» **Work item**: Only the lines of the data below from the one with "Created: 2018-01-24" through the one with "line L5 (400, 0) -> (400, 270) projected" are wanted. Repeat them exactly.

Source records:
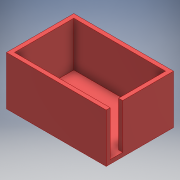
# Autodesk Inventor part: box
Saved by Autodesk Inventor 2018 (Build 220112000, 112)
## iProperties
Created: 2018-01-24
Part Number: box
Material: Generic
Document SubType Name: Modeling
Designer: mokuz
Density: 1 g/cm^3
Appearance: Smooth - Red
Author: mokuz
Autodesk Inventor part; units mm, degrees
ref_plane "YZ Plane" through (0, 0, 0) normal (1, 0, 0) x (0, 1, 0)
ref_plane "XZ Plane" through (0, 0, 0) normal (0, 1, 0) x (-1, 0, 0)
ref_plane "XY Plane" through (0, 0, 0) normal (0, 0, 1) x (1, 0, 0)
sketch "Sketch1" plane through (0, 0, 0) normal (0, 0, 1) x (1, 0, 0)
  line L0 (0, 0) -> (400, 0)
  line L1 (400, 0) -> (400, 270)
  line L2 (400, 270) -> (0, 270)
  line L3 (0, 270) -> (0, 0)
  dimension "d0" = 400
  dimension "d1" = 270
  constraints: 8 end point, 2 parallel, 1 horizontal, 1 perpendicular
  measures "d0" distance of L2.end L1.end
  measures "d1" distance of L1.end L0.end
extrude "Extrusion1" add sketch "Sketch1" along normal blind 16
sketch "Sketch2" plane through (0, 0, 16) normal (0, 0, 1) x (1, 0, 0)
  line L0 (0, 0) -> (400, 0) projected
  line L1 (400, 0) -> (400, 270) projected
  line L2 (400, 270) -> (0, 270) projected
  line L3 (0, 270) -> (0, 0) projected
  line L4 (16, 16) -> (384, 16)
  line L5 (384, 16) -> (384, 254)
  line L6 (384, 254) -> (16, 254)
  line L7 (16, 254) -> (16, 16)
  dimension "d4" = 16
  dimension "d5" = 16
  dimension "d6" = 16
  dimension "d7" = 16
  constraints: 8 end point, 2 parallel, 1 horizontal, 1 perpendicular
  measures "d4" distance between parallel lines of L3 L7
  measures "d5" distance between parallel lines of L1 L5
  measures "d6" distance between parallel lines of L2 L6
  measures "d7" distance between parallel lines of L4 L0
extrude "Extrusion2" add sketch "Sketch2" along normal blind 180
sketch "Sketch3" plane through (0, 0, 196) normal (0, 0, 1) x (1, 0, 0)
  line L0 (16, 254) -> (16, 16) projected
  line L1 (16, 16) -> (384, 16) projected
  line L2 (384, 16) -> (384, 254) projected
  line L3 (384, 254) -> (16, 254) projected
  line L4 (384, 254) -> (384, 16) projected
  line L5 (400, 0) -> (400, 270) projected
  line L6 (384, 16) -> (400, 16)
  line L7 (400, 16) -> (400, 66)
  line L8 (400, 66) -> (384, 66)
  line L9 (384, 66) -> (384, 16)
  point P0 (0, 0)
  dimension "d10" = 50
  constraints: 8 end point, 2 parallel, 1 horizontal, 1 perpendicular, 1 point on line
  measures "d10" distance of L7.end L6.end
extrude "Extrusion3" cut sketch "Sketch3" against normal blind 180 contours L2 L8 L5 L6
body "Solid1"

» **Reply to the exercise**:
Created: 2018-01-24
Part Number: box
Material: Generic
Document SubType Name: Modeling
Designer: mokuz
Density: 1 g/cm^3
Appearance: Smooth - Red
Author: mokuz
Autodesk Inventor part; units mm, degrees
ref_plane "YZ Plane" through (0, 0, 0) normal (1, 0, 0) x (0, 1, 0)
ref_plane "XZ Plane" through (0, 0, 0) normal (0, 1, 0) x (-1, 0, 0)
ref_plane "XY Plane" through (0, 0, 0) normal (0, 0, 1) x (1, 0, 0)
sketch "Sketch1" plane through (0, 0, 0) normal (0, 0, 1) x (1, 0, 0)
  line L0 (0, 0) -> (400, 0)
  line L1 (400, 0) -> (400, 270)
  line L2 (400, 270) -> (0, 270)
  line L3 (0, 270) -> (0, 0)
  dimension "d0" = 400
  dimension "d1" = 270
  constraints: 8 end point, 2 parallel, 1 horizontal, 1 perpendicular
  measures "d0" distance of L2.end L1.end
  measures "d1" distance of L1.end L0.end
extrude "Extrusion1" add sketch "Sketch1" along normal blind 16
sketch "Sketch2" plane through (0, 0, 16) normal (0, 0, 1) x (1, 0, 0)
  line L0 (0, 0) -> (400, 0) projected
  line L1 (400, 0) -> (400, 270) projected
  line L2 (400, 270) -> (0, 270) projected
  line L3 (0, 270) -> (0, 0) projected
  line L4 (16, 16) -> (384, 16)
  line L5 (384, 16) -> (384, 254)
  line L6 (384, 254) -> (16, 254)
  line L7 (16, 254) -> (16, 16)
  dimension "d4" = 16
  dimension "d5" = 16
  dimension "d6" = 16
  dimension "d7" = 16
  constraints: 8 end point, 2 parallel, 1 horizontal, 1 perpendicular
  measures "d4" distance between parallel lines of L3 L7
  measures "d5" distance between parallel lines of L1 L5
  measures "d6" distance between parallel lines of L2 L6
  measures "d7" distance between parallel lines of L4 L0
extrude "Extrusion2" add sketch "Sketch2" along normal blind 180
sketch "Sketch3" plane through (0, 0, 196) normal (0, 0, 1) x (1, 0, 0)
  line L0 (16, 254) -> (16, 16) projected
  line L1 (16, 16) -> (384, 16) projected
  line L2 (384, 16) -> (384, 254) projected
  line L3 (384, 254) -> (16, 254) projected
  line L4 (384, 254) -> (384, 16) projected
  line L5 (400, 0) -> (400, 270) projected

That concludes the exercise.